Instructions to follow: Restate verbatim the span of lines below between the line with "Constant2 : Constant" and the line with "ID1 Scope : Scope", including those two lines, and only that span.

Extracted material:
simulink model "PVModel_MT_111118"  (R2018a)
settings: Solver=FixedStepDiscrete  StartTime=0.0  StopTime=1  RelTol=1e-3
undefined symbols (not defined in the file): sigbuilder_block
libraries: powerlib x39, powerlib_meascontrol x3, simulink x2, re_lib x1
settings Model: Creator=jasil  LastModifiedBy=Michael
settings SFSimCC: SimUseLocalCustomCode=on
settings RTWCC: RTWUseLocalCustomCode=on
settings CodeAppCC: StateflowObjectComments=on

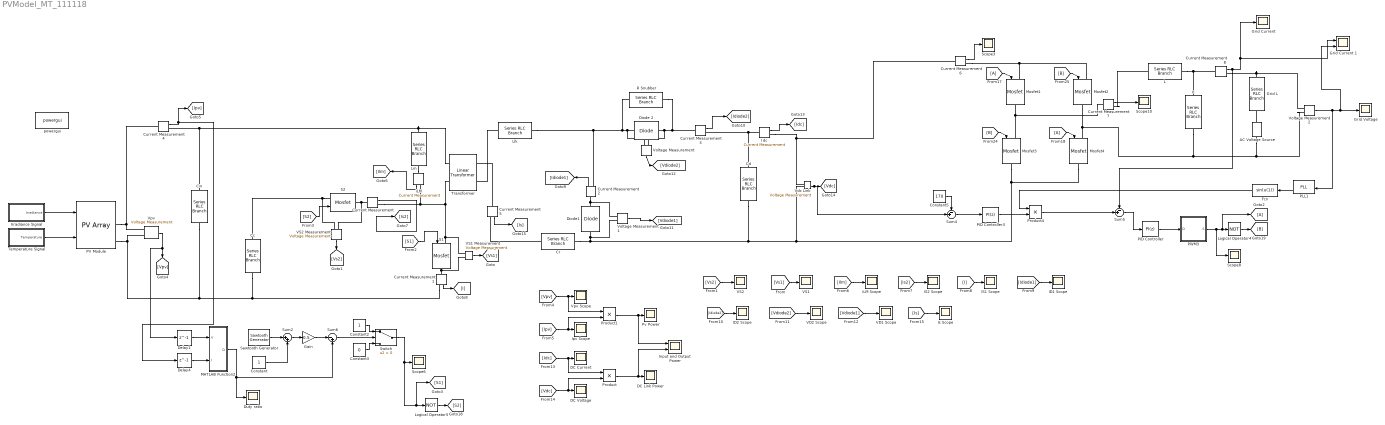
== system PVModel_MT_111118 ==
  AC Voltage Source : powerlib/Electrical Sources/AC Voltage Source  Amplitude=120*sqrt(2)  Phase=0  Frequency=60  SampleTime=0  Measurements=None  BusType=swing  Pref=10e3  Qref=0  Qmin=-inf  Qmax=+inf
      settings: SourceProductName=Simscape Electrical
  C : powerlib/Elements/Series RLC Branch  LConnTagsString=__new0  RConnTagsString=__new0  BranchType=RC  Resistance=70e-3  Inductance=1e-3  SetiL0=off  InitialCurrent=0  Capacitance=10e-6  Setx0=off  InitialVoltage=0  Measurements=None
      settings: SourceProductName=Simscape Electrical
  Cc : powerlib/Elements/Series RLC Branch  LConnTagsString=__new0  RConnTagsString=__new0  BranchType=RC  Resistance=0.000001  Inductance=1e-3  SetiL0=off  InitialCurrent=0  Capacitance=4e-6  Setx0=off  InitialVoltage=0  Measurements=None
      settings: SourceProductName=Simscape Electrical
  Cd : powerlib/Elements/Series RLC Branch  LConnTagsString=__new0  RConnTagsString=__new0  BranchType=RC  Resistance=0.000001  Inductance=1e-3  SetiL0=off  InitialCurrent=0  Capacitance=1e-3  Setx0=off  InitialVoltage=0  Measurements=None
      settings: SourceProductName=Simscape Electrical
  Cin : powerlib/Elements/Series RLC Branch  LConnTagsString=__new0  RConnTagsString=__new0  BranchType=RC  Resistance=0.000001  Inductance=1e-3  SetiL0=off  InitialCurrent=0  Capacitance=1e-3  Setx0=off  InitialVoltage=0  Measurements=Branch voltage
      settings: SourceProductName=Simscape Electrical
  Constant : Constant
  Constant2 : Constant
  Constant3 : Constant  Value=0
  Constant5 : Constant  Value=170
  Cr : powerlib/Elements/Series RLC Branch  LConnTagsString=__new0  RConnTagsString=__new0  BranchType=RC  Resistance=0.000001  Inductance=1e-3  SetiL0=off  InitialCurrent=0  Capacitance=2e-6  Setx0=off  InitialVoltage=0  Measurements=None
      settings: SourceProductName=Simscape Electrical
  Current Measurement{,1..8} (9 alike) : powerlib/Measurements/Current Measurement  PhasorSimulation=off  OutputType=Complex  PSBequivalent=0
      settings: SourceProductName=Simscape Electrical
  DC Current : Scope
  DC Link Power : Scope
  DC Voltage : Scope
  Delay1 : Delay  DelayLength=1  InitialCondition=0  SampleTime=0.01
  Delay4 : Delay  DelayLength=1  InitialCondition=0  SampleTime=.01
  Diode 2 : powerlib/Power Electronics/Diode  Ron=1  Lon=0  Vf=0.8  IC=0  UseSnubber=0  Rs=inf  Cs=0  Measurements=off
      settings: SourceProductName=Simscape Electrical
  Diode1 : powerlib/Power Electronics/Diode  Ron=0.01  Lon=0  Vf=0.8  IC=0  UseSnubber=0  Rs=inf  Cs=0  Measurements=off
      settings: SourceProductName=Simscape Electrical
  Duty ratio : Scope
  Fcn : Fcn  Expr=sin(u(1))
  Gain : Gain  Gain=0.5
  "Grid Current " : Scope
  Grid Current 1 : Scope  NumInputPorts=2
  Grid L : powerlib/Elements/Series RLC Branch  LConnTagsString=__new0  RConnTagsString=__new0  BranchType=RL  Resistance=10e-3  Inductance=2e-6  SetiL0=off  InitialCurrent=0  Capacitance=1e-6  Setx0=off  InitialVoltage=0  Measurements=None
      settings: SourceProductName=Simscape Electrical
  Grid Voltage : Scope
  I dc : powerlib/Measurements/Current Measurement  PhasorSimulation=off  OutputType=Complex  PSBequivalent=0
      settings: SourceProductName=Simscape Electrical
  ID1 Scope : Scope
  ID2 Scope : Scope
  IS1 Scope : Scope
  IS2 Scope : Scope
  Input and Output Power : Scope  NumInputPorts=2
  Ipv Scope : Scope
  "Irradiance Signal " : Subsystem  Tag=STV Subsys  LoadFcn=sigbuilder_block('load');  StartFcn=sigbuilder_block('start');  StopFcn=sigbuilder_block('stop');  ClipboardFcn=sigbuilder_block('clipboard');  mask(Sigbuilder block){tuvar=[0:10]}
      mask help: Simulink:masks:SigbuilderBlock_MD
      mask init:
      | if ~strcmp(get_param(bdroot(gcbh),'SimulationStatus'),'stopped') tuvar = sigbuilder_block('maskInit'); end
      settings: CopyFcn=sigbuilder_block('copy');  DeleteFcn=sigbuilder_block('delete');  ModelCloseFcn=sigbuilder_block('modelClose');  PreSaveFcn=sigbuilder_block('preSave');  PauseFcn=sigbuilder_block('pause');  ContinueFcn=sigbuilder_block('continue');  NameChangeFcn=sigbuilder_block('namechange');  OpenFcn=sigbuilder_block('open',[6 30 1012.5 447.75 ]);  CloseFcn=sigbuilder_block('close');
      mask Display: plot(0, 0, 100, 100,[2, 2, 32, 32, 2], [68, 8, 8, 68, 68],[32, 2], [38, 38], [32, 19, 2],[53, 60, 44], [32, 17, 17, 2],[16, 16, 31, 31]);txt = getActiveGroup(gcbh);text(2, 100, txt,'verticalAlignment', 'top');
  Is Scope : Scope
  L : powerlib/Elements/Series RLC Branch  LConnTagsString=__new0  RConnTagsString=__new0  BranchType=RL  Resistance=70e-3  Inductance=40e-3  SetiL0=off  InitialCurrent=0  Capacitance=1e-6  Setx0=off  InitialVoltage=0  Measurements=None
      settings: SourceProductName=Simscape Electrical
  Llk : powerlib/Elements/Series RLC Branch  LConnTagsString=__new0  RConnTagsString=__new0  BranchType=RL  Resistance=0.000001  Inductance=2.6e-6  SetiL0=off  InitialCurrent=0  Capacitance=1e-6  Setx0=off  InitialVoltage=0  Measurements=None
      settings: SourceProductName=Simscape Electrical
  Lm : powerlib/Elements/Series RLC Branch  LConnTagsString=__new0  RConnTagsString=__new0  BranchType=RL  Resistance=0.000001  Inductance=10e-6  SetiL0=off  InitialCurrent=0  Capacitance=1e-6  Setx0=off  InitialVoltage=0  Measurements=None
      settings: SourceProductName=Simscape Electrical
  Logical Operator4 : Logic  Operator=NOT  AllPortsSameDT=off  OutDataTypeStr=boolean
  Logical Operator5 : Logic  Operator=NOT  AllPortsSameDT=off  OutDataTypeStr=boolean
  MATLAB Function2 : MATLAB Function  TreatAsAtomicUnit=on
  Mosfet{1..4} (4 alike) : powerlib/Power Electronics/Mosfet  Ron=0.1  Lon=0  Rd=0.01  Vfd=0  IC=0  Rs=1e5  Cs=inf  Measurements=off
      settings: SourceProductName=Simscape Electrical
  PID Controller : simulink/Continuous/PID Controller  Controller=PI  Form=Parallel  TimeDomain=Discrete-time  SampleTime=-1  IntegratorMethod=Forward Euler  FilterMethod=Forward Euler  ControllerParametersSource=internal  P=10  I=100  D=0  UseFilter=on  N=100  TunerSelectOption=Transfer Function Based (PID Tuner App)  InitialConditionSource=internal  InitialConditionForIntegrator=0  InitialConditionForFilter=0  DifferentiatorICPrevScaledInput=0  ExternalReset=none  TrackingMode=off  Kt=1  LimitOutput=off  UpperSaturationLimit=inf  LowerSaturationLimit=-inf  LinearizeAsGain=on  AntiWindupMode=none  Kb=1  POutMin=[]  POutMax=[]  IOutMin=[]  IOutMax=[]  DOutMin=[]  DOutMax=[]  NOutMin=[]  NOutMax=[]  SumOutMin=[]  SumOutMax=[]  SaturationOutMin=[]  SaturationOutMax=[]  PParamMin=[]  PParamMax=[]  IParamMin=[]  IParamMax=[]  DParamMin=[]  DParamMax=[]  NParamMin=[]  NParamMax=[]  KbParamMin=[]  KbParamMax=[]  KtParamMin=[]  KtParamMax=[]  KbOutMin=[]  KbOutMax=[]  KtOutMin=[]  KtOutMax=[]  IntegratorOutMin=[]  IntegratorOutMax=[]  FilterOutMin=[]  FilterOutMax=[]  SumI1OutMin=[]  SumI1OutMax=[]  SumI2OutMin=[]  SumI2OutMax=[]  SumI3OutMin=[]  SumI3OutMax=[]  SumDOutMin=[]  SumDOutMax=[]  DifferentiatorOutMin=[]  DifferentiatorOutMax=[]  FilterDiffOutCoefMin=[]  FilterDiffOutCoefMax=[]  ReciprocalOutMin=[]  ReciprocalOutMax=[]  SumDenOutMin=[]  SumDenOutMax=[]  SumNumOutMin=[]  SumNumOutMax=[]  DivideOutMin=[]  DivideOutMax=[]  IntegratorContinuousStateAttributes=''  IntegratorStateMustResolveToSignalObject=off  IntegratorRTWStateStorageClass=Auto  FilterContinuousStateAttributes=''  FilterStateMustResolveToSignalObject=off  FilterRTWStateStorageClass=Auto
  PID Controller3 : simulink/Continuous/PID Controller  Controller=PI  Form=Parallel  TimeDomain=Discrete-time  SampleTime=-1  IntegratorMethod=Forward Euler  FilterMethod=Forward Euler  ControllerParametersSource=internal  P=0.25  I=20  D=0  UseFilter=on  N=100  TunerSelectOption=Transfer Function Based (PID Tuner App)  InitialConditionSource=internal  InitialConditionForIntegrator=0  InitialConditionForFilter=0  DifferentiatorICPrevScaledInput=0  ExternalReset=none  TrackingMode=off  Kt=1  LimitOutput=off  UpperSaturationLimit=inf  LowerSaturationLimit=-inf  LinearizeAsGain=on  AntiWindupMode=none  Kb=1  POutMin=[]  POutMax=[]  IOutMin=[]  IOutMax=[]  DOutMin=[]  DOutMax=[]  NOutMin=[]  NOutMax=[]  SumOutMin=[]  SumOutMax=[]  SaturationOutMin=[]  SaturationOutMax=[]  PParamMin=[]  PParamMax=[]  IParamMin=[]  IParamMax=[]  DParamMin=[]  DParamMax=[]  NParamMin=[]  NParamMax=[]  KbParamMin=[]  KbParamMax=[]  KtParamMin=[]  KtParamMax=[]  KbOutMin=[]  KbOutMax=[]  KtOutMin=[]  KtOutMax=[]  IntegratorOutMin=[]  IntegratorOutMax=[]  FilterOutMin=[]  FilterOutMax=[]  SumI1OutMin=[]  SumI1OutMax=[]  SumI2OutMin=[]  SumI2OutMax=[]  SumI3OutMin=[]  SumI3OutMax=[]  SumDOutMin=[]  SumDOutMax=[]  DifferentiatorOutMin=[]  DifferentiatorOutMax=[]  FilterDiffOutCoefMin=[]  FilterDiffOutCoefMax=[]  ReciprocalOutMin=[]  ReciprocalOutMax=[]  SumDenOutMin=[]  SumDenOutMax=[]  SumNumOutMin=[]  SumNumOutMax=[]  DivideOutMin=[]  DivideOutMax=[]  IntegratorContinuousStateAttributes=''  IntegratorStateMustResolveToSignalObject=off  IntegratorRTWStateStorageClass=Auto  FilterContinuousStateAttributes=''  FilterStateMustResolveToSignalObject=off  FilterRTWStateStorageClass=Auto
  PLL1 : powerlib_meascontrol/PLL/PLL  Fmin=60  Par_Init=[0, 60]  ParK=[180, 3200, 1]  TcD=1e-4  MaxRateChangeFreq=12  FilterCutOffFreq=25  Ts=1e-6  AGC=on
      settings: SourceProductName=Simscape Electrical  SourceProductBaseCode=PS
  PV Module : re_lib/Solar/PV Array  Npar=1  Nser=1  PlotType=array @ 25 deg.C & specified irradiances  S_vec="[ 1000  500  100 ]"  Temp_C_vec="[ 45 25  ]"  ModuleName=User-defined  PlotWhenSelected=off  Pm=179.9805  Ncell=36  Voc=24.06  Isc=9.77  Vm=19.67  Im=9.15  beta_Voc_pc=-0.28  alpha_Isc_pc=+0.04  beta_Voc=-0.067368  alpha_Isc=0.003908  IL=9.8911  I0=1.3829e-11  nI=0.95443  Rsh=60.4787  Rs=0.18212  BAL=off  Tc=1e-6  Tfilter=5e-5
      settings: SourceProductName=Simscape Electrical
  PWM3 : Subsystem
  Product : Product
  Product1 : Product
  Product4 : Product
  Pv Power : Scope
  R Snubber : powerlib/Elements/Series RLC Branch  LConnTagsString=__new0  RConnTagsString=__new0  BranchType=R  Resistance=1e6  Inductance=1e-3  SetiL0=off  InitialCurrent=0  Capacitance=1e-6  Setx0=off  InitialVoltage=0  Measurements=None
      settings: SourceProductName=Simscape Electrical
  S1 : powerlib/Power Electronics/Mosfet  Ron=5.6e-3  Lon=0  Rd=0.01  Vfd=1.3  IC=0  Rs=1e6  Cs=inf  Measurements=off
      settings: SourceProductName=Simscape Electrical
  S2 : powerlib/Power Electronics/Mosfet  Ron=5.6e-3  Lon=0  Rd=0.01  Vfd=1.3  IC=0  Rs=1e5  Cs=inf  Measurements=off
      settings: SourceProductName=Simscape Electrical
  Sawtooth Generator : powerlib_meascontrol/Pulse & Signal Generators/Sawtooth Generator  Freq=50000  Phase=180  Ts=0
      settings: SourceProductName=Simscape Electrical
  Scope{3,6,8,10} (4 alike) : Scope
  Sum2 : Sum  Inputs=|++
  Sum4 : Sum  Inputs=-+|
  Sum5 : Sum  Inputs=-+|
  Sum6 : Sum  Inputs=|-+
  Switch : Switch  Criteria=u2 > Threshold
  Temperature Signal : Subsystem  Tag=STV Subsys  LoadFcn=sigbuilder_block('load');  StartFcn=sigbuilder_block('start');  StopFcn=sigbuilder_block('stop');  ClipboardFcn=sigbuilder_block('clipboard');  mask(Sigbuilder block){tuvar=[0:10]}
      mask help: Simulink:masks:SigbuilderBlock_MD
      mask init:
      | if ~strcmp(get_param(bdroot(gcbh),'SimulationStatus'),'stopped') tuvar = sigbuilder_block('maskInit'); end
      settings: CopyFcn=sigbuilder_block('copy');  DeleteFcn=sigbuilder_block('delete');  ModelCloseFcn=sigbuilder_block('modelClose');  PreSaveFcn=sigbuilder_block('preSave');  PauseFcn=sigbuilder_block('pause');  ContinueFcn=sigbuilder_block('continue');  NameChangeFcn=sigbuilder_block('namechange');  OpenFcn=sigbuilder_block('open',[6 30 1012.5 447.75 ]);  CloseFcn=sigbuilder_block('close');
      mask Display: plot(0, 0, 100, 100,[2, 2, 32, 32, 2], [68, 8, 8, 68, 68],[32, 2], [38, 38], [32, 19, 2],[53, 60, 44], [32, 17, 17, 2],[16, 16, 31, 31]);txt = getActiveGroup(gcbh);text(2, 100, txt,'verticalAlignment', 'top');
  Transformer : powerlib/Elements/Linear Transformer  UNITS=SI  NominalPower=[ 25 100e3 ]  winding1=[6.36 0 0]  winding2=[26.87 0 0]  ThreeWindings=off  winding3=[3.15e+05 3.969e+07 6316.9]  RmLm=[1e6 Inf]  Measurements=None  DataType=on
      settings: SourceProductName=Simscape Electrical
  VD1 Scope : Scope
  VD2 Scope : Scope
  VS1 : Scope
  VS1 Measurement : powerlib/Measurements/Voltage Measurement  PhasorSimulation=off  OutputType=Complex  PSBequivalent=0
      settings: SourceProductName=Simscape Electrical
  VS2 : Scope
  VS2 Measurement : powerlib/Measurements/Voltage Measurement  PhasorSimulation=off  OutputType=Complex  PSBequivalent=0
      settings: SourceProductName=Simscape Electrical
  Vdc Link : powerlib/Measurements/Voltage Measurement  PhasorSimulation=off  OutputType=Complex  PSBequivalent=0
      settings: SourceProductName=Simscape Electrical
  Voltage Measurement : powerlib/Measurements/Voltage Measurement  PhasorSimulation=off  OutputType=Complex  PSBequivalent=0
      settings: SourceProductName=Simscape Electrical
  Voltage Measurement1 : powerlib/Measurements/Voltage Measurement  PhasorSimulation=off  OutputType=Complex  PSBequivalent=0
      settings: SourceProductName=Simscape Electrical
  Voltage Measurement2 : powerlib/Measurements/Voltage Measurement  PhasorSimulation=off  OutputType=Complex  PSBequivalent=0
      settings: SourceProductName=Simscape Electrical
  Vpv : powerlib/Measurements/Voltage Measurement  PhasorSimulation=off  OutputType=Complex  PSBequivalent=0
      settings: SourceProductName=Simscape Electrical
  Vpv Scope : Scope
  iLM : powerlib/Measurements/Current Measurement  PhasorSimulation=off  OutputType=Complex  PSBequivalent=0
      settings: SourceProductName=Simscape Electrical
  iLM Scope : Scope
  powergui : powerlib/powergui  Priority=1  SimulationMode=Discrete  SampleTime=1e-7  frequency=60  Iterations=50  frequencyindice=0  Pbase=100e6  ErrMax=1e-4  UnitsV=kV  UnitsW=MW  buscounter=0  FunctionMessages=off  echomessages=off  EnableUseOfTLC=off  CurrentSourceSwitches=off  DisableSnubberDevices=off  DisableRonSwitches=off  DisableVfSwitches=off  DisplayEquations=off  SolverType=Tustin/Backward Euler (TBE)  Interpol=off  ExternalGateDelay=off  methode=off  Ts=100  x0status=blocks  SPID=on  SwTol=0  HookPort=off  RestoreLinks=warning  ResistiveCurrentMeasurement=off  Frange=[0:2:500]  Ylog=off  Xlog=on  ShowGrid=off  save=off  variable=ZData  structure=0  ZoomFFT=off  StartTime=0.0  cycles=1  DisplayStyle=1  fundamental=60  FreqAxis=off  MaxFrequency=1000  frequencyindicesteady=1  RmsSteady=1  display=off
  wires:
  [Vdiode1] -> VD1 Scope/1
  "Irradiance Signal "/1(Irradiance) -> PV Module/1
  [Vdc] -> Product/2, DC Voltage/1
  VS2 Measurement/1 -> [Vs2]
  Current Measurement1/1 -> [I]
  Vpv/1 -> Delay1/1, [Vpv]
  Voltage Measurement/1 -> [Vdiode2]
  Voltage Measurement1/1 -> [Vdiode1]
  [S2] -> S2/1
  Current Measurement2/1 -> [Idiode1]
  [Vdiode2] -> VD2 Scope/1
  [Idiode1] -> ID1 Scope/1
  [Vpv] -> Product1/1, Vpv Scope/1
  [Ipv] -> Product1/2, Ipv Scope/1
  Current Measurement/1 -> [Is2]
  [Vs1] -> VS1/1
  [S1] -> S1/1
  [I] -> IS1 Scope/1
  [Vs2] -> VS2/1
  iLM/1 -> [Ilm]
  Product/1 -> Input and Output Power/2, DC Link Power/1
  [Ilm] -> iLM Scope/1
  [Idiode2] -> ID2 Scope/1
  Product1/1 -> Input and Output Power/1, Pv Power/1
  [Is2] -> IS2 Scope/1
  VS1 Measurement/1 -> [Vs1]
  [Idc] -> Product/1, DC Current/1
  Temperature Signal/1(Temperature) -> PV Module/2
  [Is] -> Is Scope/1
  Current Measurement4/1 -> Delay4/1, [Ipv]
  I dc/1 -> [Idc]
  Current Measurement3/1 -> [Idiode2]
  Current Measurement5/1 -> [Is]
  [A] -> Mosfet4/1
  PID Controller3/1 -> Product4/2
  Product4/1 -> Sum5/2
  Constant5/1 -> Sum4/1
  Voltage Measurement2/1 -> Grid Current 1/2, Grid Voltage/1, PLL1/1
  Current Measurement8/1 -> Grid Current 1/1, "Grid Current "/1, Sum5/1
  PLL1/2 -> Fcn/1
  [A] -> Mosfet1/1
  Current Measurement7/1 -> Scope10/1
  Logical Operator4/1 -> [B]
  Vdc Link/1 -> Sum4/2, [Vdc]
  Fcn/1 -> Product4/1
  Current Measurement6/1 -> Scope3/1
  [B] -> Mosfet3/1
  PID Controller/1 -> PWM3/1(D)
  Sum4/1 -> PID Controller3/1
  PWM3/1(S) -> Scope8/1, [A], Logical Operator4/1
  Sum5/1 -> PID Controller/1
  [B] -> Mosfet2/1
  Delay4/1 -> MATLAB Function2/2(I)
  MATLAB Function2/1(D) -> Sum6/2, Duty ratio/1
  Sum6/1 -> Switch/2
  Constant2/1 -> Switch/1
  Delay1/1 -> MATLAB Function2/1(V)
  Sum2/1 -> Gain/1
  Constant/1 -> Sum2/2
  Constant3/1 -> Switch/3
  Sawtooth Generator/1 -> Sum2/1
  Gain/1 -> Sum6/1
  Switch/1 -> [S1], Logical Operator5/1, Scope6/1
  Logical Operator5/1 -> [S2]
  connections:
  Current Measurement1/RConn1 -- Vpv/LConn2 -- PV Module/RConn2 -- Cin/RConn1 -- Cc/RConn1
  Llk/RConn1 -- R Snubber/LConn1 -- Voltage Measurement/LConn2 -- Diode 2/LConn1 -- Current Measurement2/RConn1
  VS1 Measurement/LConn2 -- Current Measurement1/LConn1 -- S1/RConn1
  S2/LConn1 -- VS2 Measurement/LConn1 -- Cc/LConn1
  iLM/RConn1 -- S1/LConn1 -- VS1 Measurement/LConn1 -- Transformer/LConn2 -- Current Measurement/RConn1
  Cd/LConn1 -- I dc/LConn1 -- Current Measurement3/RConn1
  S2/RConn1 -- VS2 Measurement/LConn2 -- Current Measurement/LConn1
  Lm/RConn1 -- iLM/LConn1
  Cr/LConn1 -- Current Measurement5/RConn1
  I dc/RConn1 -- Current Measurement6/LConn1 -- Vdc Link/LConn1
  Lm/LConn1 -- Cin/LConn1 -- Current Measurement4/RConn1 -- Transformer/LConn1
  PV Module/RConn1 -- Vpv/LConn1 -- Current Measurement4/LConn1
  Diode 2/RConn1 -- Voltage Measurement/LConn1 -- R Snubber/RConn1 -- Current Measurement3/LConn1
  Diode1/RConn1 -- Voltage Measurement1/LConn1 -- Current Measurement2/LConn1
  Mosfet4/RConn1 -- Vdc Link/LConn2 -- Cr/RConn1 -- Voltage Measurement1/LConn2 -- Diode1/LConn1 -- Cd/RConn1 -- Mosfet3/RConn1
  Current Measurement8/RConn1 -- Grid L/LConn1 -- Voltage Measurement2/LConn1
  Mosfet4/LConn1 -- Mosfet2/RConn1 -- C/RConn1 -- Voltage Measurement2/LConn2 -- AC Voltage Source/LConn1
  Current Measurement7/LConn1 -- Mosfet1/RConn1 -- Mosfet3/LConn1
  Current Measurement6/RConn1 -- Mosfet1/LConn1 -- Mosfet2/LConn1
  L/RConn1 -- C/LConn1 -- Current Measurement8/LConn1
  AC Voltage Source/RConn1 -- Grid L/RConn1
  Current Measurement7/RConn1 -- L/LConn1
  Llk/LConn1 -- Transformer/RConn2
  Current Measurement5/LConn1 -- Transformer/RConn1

Written reply:
  Constant2 : Constant
  Constant3 : Constant  Value=0
  Constant5 : Constant  Value=170
  Cr : powerlib/Elements/Series RLC Branch  LConnTagsString=__new0  RConnTagsString=__new0  BranchType=RC  Resistance=0.000001  Inductance=1e-3  SetiL0=off  InitialCurrent=0  Capacitance=2e-6  Setx0=off  InitialVoltage=0  Measurements=None
      settings: SourceProductName=Simscape Electrical
  Current Measurement{,1..8} (9 alike) : powerlib/Measurements/Current Measurement  PhasorSimulation=off  OutputType=Complex  PSBequivalent=0
      settings: SourceProductName=Simscape Electrical
  DC Current : Scope
  DC Link Power : Scope
  DC Voltage : Scope
  Delay1 : Delay  DelayLength=1  InitialCondition=0  SampleTime=0.01
  Delay4 : Delay  DelayLength=1  InitialCondition=0  SampleTime=.01
  Diode 2 : powerlib/Power Electronics/Diode  Ron=1  Lon=0  Vf=0.8  IC=0  UseSnubber=0  Rs=inf  Cs=0  Measurements=off
      settings: SourceProductName=Simscape Electrical
  Diode1 : powerlib/Power Electronics/Diode  Ron=0.01  Lon=0  Vf=0.8  IC=0  UseSnubber=0  Rs=inf  Cs=0  Measurements=off
      settings: SourceProductName=Simscape Electrical
  Duty ratio : Scope
  Fcn : Fcn  Expr=sin(u(1))
  Gain : Gain  Gain=0.5
  "Grid Current " : Scope
  Grid Current 1 : Scope  NumInputPorts=2
  Grid L : powerlib/Elements/Series RLC Branch  LConnTagsString=__new0  RConnTagsString=__new0  BranchType=RL  Resistance=10e-3  Inductance=2e-6  SetiL0=off  InitialCurrent=0  Capacitance=1e-6  Setx0=off  InitialVoltage=0  Measurements=None
      settings: SourceProductName=Simscape Electrical
  Grid Voltage : Scope
  I dc : powerlib/Measurements/Current Measurement  PhasorSimulation=off  OutputType=Complex  PSBequivalent=0
      settings: SourceProductName=Simscape Electrical
  ID1 Scope : Scope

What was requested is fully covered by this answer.